▶ _YOUR ASSIGNMENT_
Look for the word "hole" in the entries below, then copy every line that has it.

(PROVIDED INFORMATION Opens)

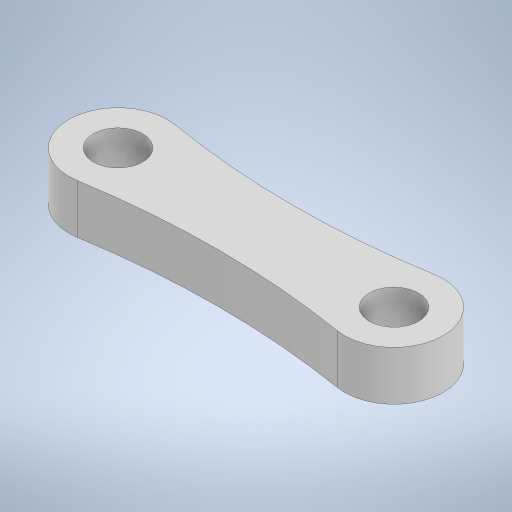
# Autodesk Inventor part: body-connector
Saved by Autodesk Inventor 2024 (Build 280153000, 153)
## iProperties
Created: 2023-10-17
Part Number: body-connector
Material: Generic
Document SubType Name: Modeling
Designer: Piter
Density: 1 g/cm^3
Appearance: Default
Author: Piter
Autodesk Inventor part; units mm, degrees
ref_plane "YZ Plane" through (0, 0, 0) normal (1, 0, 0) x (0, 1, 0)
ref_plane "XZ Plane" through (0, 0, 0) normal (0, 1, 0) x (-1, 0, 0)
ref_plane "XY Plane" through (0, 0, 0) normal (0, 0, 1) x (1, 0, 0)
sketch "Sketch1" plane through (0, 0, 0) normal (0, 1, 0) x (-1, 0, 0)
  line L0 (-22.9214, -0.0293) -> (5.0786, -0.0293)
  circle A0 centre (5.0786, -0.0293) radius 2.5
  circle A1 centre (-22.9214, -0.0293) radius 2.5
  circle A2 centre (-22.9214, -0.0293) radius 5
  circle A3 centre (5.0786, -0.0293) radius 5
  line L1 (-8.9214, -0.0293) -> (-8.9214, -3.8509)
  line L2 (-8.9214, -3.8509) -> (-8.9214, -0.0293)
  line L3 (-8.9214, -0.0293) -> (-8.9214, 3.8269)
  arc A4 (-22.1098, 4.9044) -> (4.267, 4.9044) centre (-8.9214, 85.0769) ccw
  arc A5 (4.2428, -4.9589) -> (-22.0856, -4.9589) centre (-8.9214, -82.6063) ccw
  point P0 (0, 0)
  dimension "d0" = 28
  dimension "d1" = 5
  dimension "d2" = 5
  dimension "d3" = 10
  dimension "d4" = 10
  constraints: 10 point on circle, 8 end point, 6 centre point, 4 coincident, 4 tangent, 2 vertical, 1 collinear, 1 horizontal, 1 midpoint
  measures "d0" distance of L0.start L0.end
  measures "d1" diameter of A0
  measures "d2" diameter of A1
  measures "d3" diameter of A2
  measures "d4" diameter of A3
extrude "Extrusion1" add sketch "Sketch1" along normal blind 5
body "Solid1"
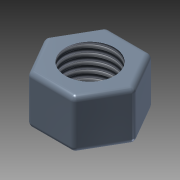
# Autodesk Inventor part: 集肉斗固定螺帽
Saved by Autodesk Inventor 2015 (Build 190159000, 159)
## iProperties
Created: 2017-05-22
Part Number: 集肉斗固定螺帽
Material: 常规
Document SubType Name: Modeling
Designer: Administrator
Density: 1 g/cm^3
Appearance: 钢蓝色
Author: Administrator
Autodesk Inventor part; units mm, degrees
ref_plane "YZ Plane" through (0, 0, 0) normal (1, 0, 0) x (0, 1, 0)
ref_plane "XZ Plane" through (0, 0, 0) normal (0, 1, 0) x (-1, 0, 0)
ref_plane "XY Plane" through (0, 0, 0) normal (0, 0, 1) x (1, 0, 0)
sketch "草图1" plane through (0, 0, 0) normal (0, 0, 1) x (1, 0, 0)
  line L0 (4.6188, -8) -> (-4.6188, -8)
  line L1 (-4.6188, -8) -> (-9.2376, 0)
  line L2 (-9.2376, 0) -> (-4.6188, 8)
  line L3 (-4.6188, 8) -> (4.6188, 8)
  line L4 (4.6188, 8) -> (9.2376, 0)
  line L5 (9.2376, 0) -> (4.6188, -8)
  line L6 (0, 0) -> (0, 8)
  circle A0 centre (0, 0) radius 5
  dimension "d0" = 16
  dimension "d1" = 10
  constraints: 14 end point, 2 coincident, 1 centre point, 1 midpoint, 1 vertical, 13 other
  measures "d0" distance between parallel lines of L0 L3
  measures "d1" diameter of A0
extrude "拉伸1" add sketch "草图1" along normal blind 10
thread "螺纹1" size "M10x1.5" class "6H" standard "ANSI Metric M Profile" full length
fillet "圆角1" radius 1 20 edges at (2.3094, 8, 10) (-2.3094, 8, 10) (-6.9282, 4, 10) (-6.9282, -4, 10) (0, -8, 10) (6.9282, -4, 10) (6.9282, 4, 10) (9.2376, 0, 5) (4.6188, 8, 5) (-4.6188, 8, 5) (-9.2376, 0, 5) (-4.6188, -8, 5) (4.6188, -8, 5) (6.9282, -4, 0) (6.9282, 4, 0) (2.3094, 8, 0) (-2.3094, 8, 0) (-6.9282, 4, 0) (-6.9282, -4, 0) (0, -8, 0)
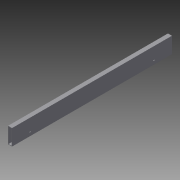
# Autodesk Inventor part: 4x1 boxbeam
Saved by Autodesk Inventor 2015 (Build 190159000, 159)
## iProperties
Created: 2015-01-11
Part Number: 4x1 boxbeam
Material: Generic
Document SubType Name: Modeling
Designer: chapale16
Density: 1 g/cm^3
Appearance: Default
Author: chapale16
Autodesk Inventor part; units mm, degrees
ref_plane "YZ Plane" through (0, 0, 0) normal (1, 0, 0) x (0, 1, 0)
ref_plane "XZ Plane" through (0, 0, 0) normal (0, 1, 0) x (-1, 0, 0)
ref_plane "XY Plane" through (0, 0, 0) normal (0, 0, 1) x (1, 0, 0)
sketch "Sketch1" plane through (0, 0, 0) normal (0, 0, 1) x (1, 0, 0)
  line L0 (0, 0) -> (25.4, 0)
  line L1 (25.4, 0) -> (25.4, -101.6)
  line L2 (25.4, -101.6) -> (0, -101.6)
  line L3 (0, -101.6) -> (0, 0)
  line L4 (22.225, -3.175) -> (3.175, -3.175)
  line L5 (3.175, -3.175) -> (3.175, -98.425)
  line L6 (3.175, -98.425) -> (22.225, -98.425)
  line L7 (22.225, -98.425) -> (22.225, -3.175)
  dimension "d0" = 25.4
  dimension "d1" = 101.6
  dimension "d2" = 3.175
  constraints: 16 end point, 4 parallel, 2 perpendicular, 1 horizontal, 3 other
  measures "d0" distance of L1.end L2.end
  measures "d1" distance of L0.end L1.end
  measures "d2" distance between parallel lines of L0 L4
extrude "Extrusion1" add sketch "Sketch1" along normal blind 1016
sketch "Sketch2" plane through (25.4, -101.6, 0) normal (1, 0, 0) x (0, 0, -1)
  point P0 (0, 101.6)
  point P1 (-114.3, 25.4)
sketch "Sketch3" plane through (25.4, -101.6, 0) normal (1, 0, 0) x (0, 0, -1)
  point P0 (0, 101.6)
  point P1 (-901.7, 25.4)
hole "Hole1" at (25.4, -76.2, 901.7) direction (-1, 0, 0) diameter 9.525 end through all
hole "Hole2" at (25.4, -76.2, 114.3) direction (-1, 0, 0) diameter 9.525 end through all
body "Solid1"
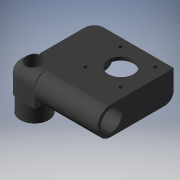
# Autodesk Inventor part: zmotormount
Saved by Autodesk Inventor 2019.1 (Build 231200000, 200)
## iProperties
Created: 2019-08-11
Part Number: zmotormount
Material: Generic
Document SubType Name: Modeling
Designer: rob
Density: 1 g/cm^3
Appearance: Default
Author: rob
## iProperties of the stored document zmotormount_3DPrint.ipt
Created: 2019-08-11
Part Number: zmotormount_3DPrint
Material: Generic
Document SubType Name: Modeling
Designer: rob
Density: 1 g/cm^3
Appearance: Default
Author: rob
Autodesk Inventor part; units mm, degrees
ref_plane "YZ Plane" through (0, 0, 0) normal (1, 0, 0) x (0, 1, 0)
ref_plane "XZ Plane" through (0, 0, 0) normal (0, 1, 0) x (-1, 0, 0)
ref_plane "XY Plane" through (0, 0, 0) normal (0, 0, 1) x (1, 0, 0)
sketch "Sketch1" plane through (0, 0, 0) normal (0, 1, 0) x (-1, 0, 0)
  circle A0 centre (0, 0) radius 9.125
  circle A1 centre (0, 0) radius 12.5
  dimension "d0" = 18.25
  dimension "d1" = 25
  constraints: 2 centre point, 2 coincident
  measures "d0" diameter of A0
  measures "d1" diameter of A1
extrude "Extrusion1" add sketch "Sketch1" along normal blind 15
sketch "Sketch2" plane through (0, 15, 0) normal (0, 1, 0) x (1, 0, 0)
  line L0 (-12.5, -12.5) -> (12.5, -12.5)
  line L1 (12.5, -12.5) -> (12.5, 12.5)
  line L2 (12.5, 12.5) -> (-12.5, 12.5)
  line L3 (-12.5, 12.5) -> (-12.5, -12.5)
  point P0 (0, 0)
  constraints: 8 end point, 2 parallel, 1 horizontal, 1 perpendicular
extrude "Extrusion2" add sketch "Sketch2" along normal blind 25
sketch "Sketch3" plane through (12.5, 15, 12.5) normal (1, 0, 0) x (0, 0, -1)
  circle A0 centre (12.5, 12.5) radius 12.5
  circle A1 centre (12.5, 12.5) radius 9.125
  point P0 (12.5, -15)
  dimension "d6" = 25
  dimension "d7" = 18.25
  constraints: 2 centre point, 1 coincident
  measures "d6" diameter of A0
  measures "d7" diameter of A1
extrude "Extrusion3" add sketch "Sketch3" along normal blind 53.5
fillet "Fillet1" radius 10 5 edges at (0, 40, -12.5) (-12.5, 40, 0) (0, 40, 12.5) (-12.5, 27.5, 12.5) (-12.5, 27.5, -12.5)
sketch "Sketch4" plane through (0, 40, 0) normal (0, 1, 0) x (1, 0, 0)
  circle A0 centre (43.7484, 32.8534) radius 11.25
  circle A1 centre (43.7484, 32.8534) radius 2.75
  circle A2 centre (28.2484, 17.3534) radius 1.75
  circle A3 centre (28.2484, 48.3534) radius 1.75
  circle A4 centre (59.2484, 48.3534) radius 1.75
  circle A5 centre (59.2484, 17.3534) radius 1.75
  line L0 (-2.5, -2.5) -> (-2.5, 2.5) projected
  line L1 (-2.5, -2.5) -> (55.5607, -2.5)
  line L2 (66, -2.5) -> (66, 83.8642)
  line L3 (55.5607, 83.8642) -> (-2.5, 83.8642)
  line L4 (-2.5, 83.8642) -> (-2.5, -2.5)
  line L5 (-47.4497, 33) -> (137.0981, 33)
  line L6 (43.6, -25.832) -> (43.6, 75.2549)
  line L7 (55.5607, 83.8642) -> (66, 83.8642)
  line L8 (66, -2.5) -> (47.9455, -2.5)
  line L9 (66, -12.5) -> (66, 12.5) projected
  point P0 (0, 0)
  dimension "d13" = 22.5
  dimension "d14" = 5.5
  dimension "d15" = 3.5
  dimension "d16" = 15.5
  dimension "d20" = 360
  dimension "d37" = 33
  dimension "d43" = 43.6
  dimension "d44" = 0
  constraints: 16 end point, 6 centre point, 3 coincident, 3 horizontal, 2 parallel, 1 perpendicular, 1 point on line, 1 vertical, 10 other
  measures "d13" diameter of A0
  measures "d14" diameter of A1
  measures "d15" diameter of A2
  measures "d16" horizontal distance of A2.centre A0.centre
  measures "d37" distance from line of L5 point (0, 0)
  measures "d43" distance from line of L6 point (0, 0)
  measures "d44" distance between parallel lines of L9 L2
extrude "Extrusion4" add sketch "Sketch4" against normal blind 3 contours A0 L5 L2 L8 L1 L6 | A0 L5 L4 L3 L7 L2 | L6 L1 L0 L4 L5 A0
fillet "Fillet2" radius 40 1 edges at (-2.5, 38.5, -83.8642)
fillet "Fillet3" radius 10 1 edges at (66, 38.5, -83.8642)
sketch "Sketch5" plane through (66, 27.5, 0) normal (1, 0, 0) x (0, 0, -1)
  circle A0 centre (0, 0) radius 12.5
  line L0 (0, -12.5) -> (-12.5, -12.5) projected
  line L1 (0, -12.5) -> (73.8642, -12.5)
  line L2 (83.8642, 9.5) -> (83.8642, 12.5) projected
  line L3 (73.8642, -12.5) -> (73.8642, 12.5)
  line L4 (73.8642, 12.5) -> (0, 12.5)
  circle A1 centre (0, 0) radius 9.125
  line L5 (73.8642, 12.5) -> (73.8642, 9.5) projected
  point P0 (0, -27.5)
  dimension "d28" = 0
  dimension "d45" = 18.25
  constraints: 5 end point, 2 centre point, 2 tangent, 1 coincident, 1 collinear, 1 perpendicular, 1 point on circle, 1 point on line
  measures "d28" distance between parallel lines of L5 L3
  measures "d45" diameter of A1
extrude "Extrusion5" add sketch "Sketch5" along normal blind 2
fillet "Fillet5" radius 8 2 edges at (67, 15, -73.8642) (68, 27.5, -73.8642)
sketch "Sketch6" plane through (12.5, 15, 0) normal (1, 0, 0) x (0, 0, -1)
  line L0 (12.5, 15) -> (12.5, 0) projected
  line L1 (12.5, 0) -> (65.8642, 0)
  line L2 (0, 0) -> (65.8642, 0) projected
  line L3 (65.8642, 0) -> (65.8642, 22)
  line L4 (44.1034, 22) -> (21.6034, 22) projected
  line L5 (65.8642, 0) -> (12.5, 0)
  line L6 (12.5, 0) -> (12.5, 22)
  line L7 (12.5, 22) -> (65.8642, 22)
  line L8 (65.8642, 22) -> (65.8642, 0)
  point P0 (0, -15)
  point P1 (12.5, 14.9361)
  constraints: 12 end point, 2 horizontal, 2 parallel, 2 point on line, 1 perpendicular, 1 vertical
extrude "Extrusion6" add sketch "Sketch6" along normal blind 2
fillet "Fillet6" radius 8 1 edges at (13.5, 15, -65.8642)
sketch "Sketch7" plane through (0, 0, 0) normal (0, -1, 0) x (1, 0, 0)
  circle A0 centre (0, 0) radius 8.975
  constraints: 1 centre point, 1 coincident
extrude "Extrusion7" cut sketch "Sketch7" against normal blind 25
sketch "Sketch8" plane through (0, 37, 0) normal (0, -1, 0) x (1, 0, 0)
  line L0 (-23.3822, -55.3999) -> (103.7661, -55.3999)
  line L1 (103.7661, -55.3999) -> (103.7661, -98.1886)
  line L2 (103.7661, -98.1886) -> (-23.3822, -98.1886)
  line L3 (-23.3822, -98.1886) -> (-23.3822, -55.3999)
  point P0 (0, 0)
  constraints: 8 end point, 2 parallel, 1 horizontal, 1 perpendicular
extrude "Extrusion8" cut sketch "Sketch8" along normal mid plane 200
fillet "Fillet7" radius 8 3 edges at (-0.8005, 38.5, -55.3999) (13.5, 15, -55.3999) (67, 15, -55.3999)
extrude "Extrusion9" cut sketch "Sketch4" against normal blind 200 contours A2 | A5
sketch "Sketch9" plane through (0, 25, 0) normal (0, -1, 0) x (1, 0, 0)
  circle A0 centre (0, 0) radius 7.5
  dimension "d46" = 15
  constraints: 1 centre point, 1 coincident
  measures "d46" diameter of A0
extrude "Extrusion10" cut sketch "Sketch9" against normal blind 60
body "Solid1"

(PROVIDED INFORMATION Closes)

▶ _ANSWER TO THIS EXERCISE_
hole "Hole1" at (25.4, -76.2, 901.7) direction (-1, 0, 0) diameter 9.525 end through all
hole "Hole2" at (25.4, -76.2, 114.3) direction (-1, 0, 0) diameter 9.525 end through all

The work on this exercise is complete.